## EXERCISE INPUT
::::::::::

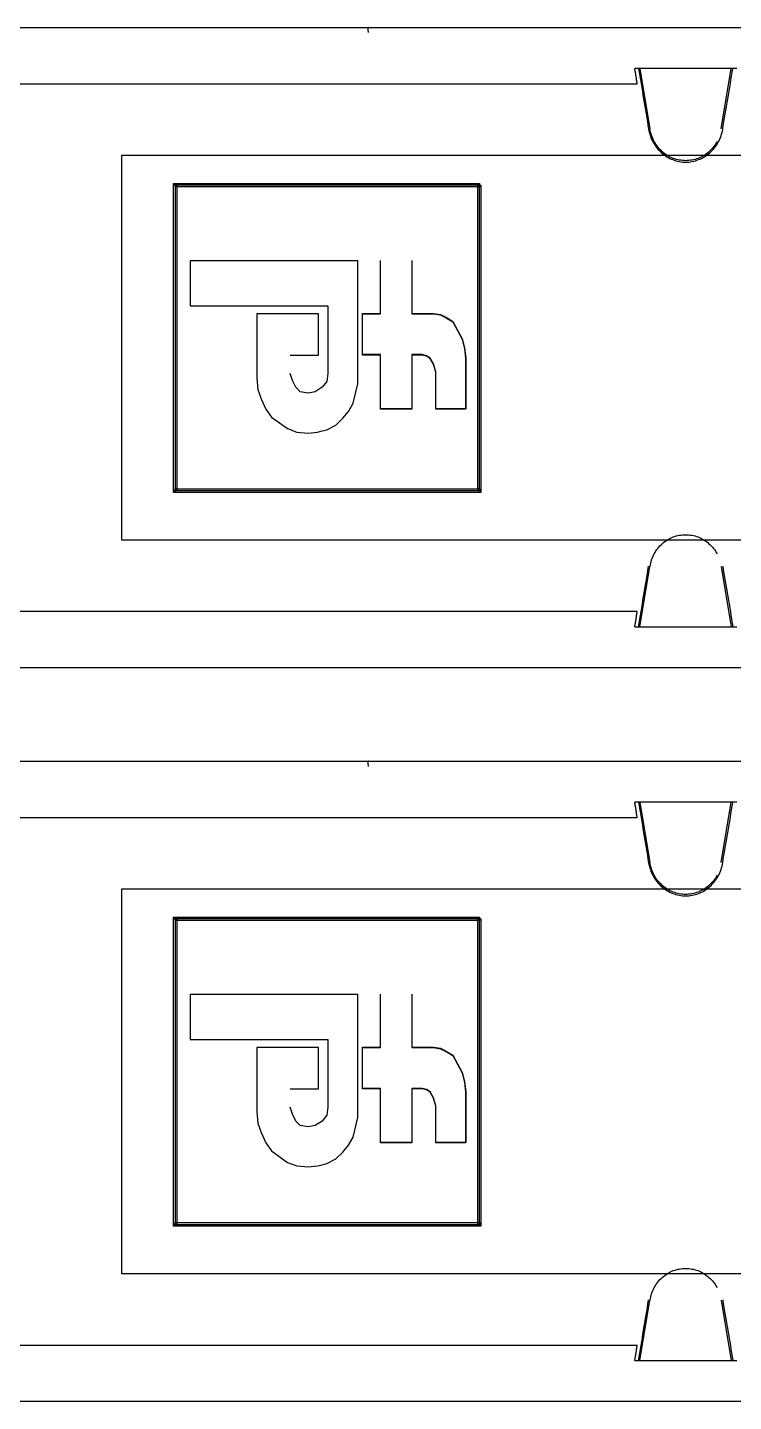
# Model space of a CAD drawing. Header units: metres. Extents: x 0 to 3575, y 0 to 842.
# Drawn here: x 248.7 to 257.15, y 284.52 to 300.96 of the extents above; entities that cross this region are included whole.
import ezdxf

# ---------------------------------------------------------------- set-up
doc = ezdxf.new("R2010")
doc.units = ezdxf.units.M
doc.layers.add('SCHEMATICS', color=7, linetype='Continuous')

msp = doc.modelspace()

# ---------------------------------------------------------------- linework, layer by layer
at = {"layer": 'SCHEMATICS', "color": 7}
for p, q in [((245.115, 300.964), (301.421, 300.964)), ((245.115, 300.964), (301.421, 300.964)), ((257.191, 300.472), (255.97, 300.472)), ((256.032, 300.472), (256.151, 299.749)), ((257.005, 299.749), (257.126, 300.472)), ((244.412, 300.288), (256, 300.288)), ((249.825, 294.828), (249.825, 299.435)), ((249.825, 299.435), (279.111, 299.435)), ((250.446, 299.077), (250.446, 299.096)), ((250.446, 299.096), (250.466, 299.096)), ((250.466, 299.077), (250.446, 299.077)), ((250.446, 295.419), (250.446, 299.077)), ((250.446, 299.077), (250.487, 299.077)), ((250.466, 299.096), (254.109, 299.096)), ((250.466, 299.096), (250.466, 299.077)), ((254.109, 299.055), (250.466, 299.055)), ((250.487, 299.077), (250.487, 295.419)), ((254.089, 295.419), (254.089, 299.077)), ((254.089, 299.077), (254.128, 299.077)), ((254.109, 299.096), (254.109, 299.055)), ((254.128, 299.077), (254.128, 295.419)), ((252.652, 298.169), (250.644, 298.169)), ((250.644, 298.169), (250.644, 297.633)), ((252.652, 296.698), (252.652, 298.169)), ((252.926, 297.541), (252.926, 298.174)), ((252.926, 297.537), (252.926, 298.169)), ((253.298, 298.174), (253.298, 297.541)), ((253.298, 298.169), (253.298, 297.537)), ((250.644, 297.633), (252.294, 297.633)), ((252.294, 297.633), (252.294, 296.822)), ((252.183, 297.537), (251.442, 297.537)), ((251.442, 297.537), (251.442, 296.766)), ((252.183, 297.042), (252.183, 297.537)), ((252.708, 297.047), (252.708, 297.541)), ((252.708, 297.541), (252.926, 297.541)), ((252.708, 297.042), (252.708, 297.537)), ((252.708, 297.537), (252.926, 297.537)), ((253.298, 297.541), (253.559, 297.541)), ((253.298, 297.537), (253.559, 297.537)), ((253.559, 297.541), (253.642, 297.527)), ((253.559, 297.537), (253.642, 297.522)), ((253.642, 297.527), (253.723, 297.486)), ((253.642, 297.522), (253.723, 297.481)), ((253.723, 297.486), (253.793, 297.445)), ((253.723, 297.481), (253.793, 297.44)), ((253.793, 297.445), (253.903, 297.238)), ((253.793, 297.44), (253.903, 297.234)), ((253.903, 297.238), (253.93, 297.129)), ((253.903, 297.234), (253.93, 297.124)), ((253.93, 297.129), (253.945, 297.004)), ((253.93, 297.124), (253.944, 297.001)), ((251.841, 297.042), (252.183, 297.042)), ((252.926, 297.047), (252.708, 297.047)), ((252.926, 297.042), (252.708, 297.042)), ((252.926, 296.4), (252.926, 297.047)), ((252.926, 296.395), (252.926, 297.042)), ((253.422, 297.047), (253.298, 297.047)), ((253.298, 297.047), (253.298, 296.4)), ((253.421, 297.042), (253.298, 297.042)), ((253.298, 297.042), (253.298, 296.395)), ((253.477, 297.028), (253.421, 297.042)), ((253.477, 297.033), (253.422, 297.047)), ((253.519, 297.004), (253.477, 297.033)), ((253.519, 297.001), (253.477, 297.028)), ((253.559, 296.936), (253.519, 297.004)), ((253.559, 296.932), (253.519, 297.001)), ((253.587, 296.841), (253.559, 296.936)), ((253.587, 296.836), (253.559, 296.932)), ((253.944, 297.001), (253.944, 296.395)), ((253.945, 297.004), (253.945, 296.4)), ((251.442, 296.766), (251.455, 296.629)), ((251.869, 296.739), (251.841, 296.822)), ((251.91, 296.657), (251.869, 296.739)), ((252.282, 296.725), (252.225, 296.657)), ((252.294, 296.822), (252.282, 296.725)), ((253.587, 296.4), (253.587, 296.841)), ((253.587, 296.395), (253.587, 296.836)), ((251.455, 296.629), (251.497, 296.519)), ((251.964, 296.601), (251.91, 296.657)), ((252.06, 296.588), (251.964, 296.601)), ((252.143, 296.601), (252.06, 296.588)), ((252.225, 296.657), (252.143, 296.601)), ((252.597, 296.465), (252.652, 296.698)), ((251.497, 296.519), (251.551, 296.395)), ((251.551, 296.395), (251.62, 296.299)), ((252.543, 296.367), (252.597, 296.465)), ((253.298, 296.4), (252.926, 296.4)), ((253.298, 296.395), (252.926, 296.395)), ((253.945, 296.4), (253.587, 296.4)), ((253.944, 296.395), (253.587, 296.395)), ((251.62, 296.299), (251.812, 296.162)), ((252.391, 296.203), (252.473, 296.285)), ((252.473, 296.285), (252.543, 296.367)), ((251.812, 296.162), (251.923, 296.12)), ((251.923, 296.12), (252.06, 296.106)), ((252.06, 296.106), (252.17, 296.12)), ((252.17, 296.12), (252.225, 296.134)), ((252.225, 296.134), (252.282, 296.148)), ((252.282, 296.148), (252.391, 296.203)), ((250.487, 295.419), (250.446, 295.419)), ((250.446, 295.398), (250.446, 295.419)), ((250.446, 295.419), (250.466, 295.419)), ((250.466, 295.398), (250.466, 295.439)), ((250.466, 295.439), (254.109, 295.439)), ((250.466, 295.419), (250.466, 295.398)), ((254.128, 295.419), (254.089, 295.419)), ((254.109, 295.439), (254.109, 295.398)), ((254.109, 295.398), (254.109, 295.419)), ((254.109, 295.419), (254.128, 295.419)), ((254.128, 295.419), (254.128, 295.398)), ((250.466, 295.398), (250.446, 295.398)), ((254.109, 295.398), (250.466, 295.398)), ((254.128, 295.398), (254.109, 295.398)), ((279.111, 294.828), (249.825, 294.828)), ((256.032, 293.788), (256.151, 294.512)), ((257.005, 294.512), (257.126, 293.788)), ((256, 293.972), (244.412, 293.972)), ((255.97, 293.788), (257.191, 293.788)), ((301.421, 293.298), (245.115, 293.298)), ((301.421, 293.298), (245.115, 293.298)), ((245.115, 292.18), (301.421, 292.18)), ((245.115, 292.18), (301.421, 292.18)), ((257.191, 291.689), (255.97, 291.689)), ((256.032, 291.689), (256.151, 290.966)), ((257.005, 290.966), (257.126, 291.689)), ((244.412, 291.505), (256, 291.505)), ((249.825, 286.044), (249.825, 290.651)), ((249.825, 290.651), (279.111, 290.651)), ((250.446, 290.294), (250.446, 290.313)), ((250.446, 290.313), (250.466, 290.313)), ((250.466, 290.313), (254.109, 290.313)), ((250.466, 290.313), (250.466, 290.294)), ((254.109, 290.313), (254.109, 290.273)), ((250.466, 290.294), (250.446, 290.294)), ((250.446, 286.636), (250.446, 290.294)), ((250.446, 290.294), (250.487, 290.294)), ((254.109, 290.273), (250.466, 290.273)), ((250.487, 290.294), (250.487, 286.636)), ((254.089, 286.636), (254.089, 290.294)), ((254.089, 290.294), (254.128, 290.294)), ((254.128, 290.294), (254.128, 286.636)), ((252.652, 289.386), (250.644, 289.386)), ((250.644, 289.386), (250.644, 288.849)), ((252.652, 287.914), (252.652, 289.386)), ((252.926, 288.758), (252.926, 289.39)), ((252.926, 288.753), (252.926, 289.386)), ((253.298, 289.39), (253.298, 288.758)), ((253.298, 289.386), (253.298, 288.753)), ((250.644, 288.849), (252.294, 288.849)), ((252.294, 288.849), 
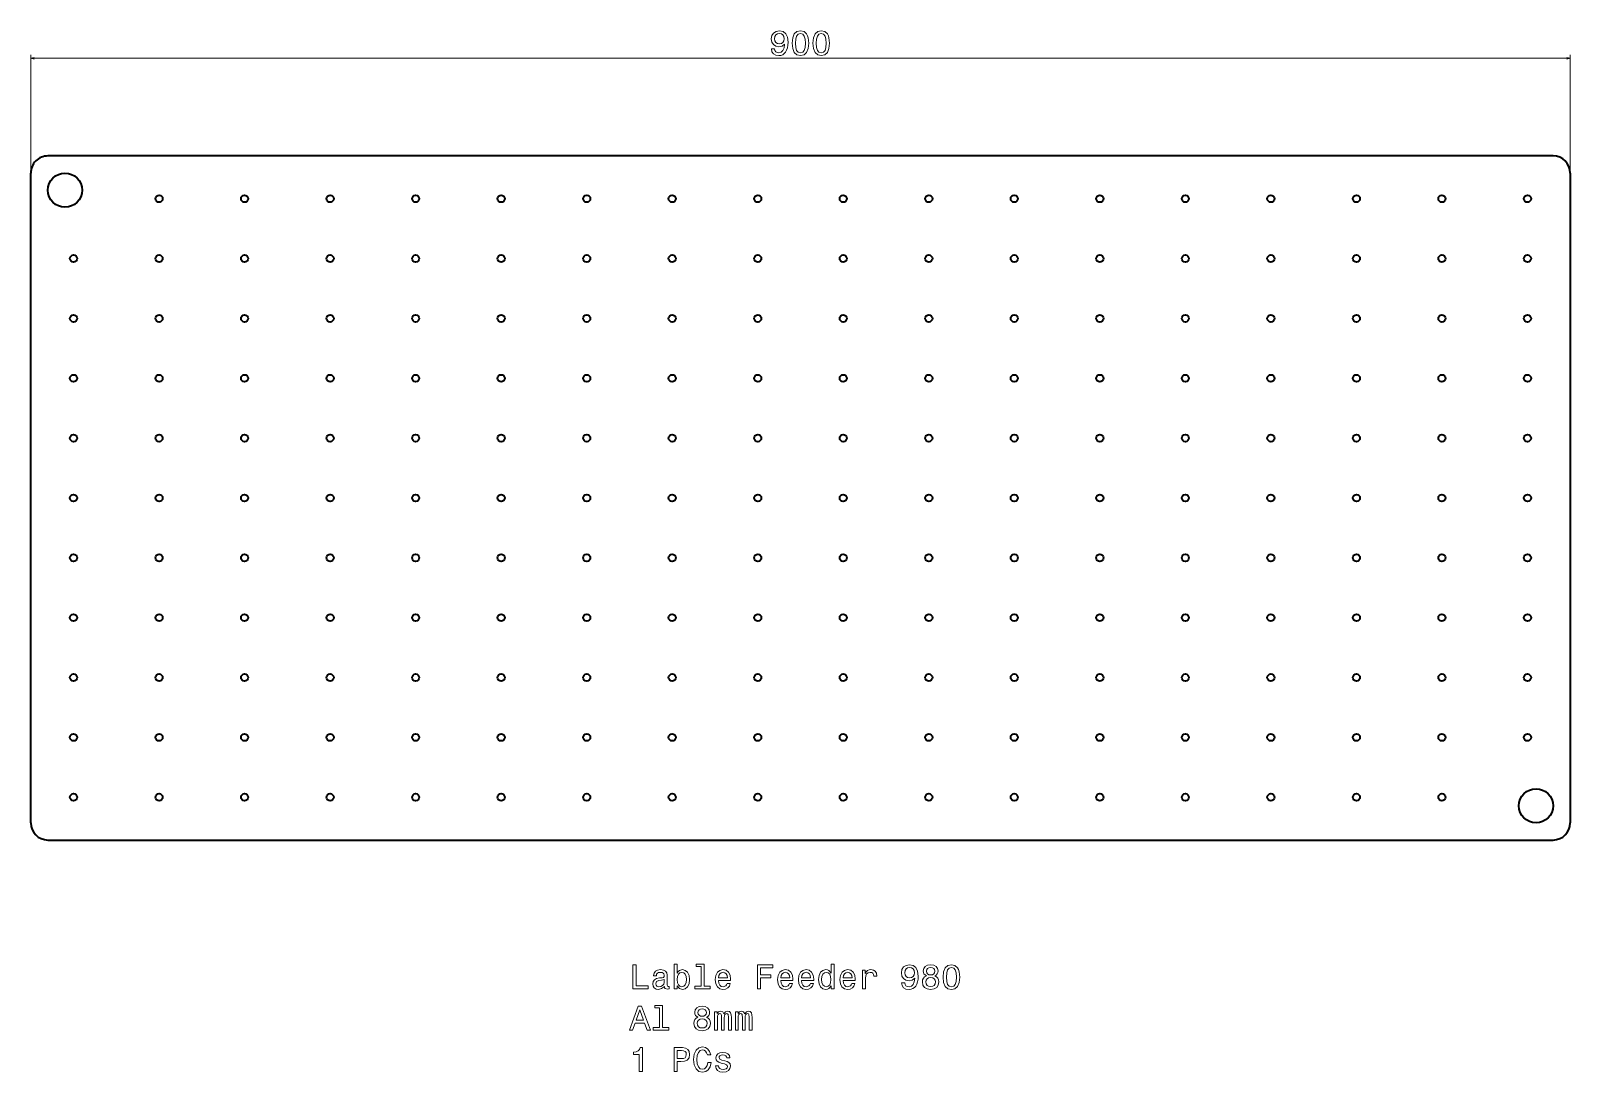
# Model space of a CAD drawing. Extents: x -302 to 598, y -231 to 378.
import ezdxf

# ---------------------------------------------------------------- set-up
doc = ezdxf.new("R2010")
doc.units = 0

msp = doc.modelspace()

# ---------------------------------------------------------------- linework, layer by layer
at = {"color": 7, "lineweight": 13}
for p, q in [((-301.5, 297), (-301.5, 364.1)), ((-301.5, 362.1), (598.5, 362.1)), ((598.5, 297), (598.5, 364.1))]:
    msp.add_line(p, q, dxfattribs=at)
at = {"color": 7, "lineweight": 35}
for p, q in [((588.5, 305), (-291.5, 305)), ((-301.5, -85), (-301.5, 295)), ((598.5, 295), (598.5, -85)), ((-291.5, -95), (588.5, -95))]:
    msp.add_line(p, q, dxfattribs=at)
at = {"color": 7, "lineweight": 13}
for points in [[(131.51, 367.57), (131.82, 365.97), (132.68, 364.74), (134.06, 363.97), (135.87, 363.69), (137.06, 363.83), (138.13, 364.2), (139.04, 364.82), (139.81, 365.71), (140.41, 366.82), (140.85, 368.19), (141.12, 369.76), (141.22, 371.58), (140.87, 374.42), (139.89, 376.5), (138.31, 377.75), (136.15, 378.2), (134.18, 377.83), (132.68, 376.87), (131.72, 375.37), (131.39, 373.5), (131.72, 371.56), (132.66, 370.09), (134.08, 369.16), (135.87, 368.86), (137.77, 369.24), (139.2, 370.41), (138.88, 368.17), (138.23, 366.58), (137.24, 365.63), (135.89, 365.33), (134.84, 365.47), (134.08, 365.91), (133.57, 366.62), (133.37, 367.57)], [(143.64, 370.93), (143.94, 367.77), (144.89, 365.51), (146.4, 364.14), (148.5, 363.69), (150.58, 364.14), (152.09, 365.51), (153.02, 367.77), (153.34, 370.93), (153.02, 374.08), (152.64, 375.33), (152.09, 376.36), (150.58, 377.73), (148.5, 378.2), (146.4, 377.73), (144.89, 376.34), (143.94, 374.08)], [(155.78, 370.93), (156.09, 367.77), (157.03, 365.51), (158.55, 364.14), (160.64, 363.69), (162.72, 364.14), (164.23, 365.51), (165.16, 367.77), (165.49, 370.93), (165.16, 374.08), (164.78, 375.33), (164.23, 376.36), (162.72, 377.73), (160.64, 378.2), (158.55, 377.73), (157.03, 376.34), (156.09, 374.08)], [(133.35, 373.52), (133.55, 374.77), (134.12, 375.76), (135, 376.38), (136.15, 376.6), (137.34, 376.38), (138.25, 375.76), (138.82, 374.79), (139.04, 373.54), (138.82, 372.27), (138.25, 371.32), (137.32, 370.73), (136.09, 370.53), (134.98, 370.73), (134.12, 371.32), (133.55, 372.25)], [(145.57, 370.93), (145.74, 373.38), (146.24, 375.13), (147.15, 376.16), (148.5, 376.52), (149.83, 376.16), (150.74, 375.13), (151.24, 373.38), (151.4, 370.93), (151.24, 368.47), (150.74, 366.72), (149.83, 365.69), (148.5, 365.35), (147.15, 365.69), (146.24, 366.72), (145.74, 368.47)], [(157.72, 370.93), (157.88, 373.38), (158.38, 375.13), (159.29, 376.16), (160.64, 376.52), (161.98, 376.16), (162.88, 375.13), (163.39, 373.38), (163.55, 370.93), (163.39, 368.47), (162.88, 366.72), (161.98, 365.69), (160.64, 365.35), (159.29, 365.69), (158.38, 366.72), (157.88, 368.47)], [(50.48, -182.03), (59.47, -182.03), (59.47, -180.34), (52.33, -180.34), (52.33, -168.03), (50.48, -168.03)], [(68.98, -180.62), (68.98, -180.68), (69.08, -181.37), (69.38, -181.85), (70.65, -182.23), (71.64, -182.07), (71.64, -180.7), (71.21, -180.76), (70.65, -180.5), (70.55, -179.69), (70.55, -174.09), (70.31, -172.65), (69.6, -171.64), (68.37, -171.04), (66.64, -170.82), (64.94, -171.06), (63.69, -171.74), (62.9, -172.81), (62.64, -174.23), (62.64, -174.35), (64.23, -174.35), (64.38, -173.5), (64.82, -172.89), (65.55, -172.53), (66.57, -172.39), (67.56, -172.49), (68.27, -172.79), (68.69, -173.32), (68.83, -174.04), (68.75, -174.89), (68.43, -175.32), (67.62, -175.52), (66.11, -175.68), (64.38, -176.04), (63.15, -176.69), (62.42, -177.7), (62.2, -179.19), (62.4, -180.52), (63.02, -181.51), (64.03, -182.13), (65.43, -182.36), (67.3, -181.93)], [(76.36, -180.36), (77.67, -181.91), (79.47, -182.42), (81.16, -182.03), (82.51, -180.88), (83.36, -179.05), (83.68, -176.61), (83.36, -174.17), (82.49, -172.35), (81.16, -171.22), (79.47, -170.82), (77.69, -171.34), (76.96, -171.99), (76.36, -172.85), (76.36, -167.55), (74.58, -167.55), (74.58, -182.03), (76.36, -182.03)], [(90.36, -169.04), (90.36, -180.54), (86.71, -180.54), (86.71, -182.03), (95.77, -182.03), (95.77, -180.54), (92.13, -180.54), (92.13, -167.55), (87.57, -167.55), (87.57, -169.04)], [(100.53, -177.13), (107.63, -177.13), (107.65, -176.3), (107.32, -173.98), (106.44, -172.25), (105.02, -171.2), (103.15, -170.82), (101.31, -171.22), (99.9, -172.35), (98.99, -174.19), (98.67, -176.61), (98.97, -179.09), (99.88, -180.9), (101.27, -182.03), (103.09, -182.42), (104.66, -182.15), (105.95, -181.47), (106.9, -180.38), (107.45, -178.93), (105.69, -178.93), (105.33, -179.73), (104.8, -180.34), (103.31, -180.82), (102.16, -180.6), (101.29, -179.89), (100.73, -178.74), (100.53, -177.19)], [(123.3, -182.03), (125.18, -182.03), (125.18, -175.6), (131.07, -175.6), (131.07, -173.92), (125.18, -173.92), (125.18, -169.73), (132.42, -169.73), (132.42, -168.03), (123.3, -168.03)], [(136.96, -177.13), (144.06, -177.13), (144.08, -176.3), (143.76, -173.98), (142.87, -172.25), (141.46, -171.2), (139.58, -170.82), (137.74, -171.22), (136.33, -172.35), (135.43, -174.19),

::::::::::

Pull out every line holding "units" from the records above, and copy it.

# Model space of a CAD drawing. Header units: metres. Extents: x 0 to 3575, y 0 to 842.
doc.units = ezdxf.units.M
doc.units = 0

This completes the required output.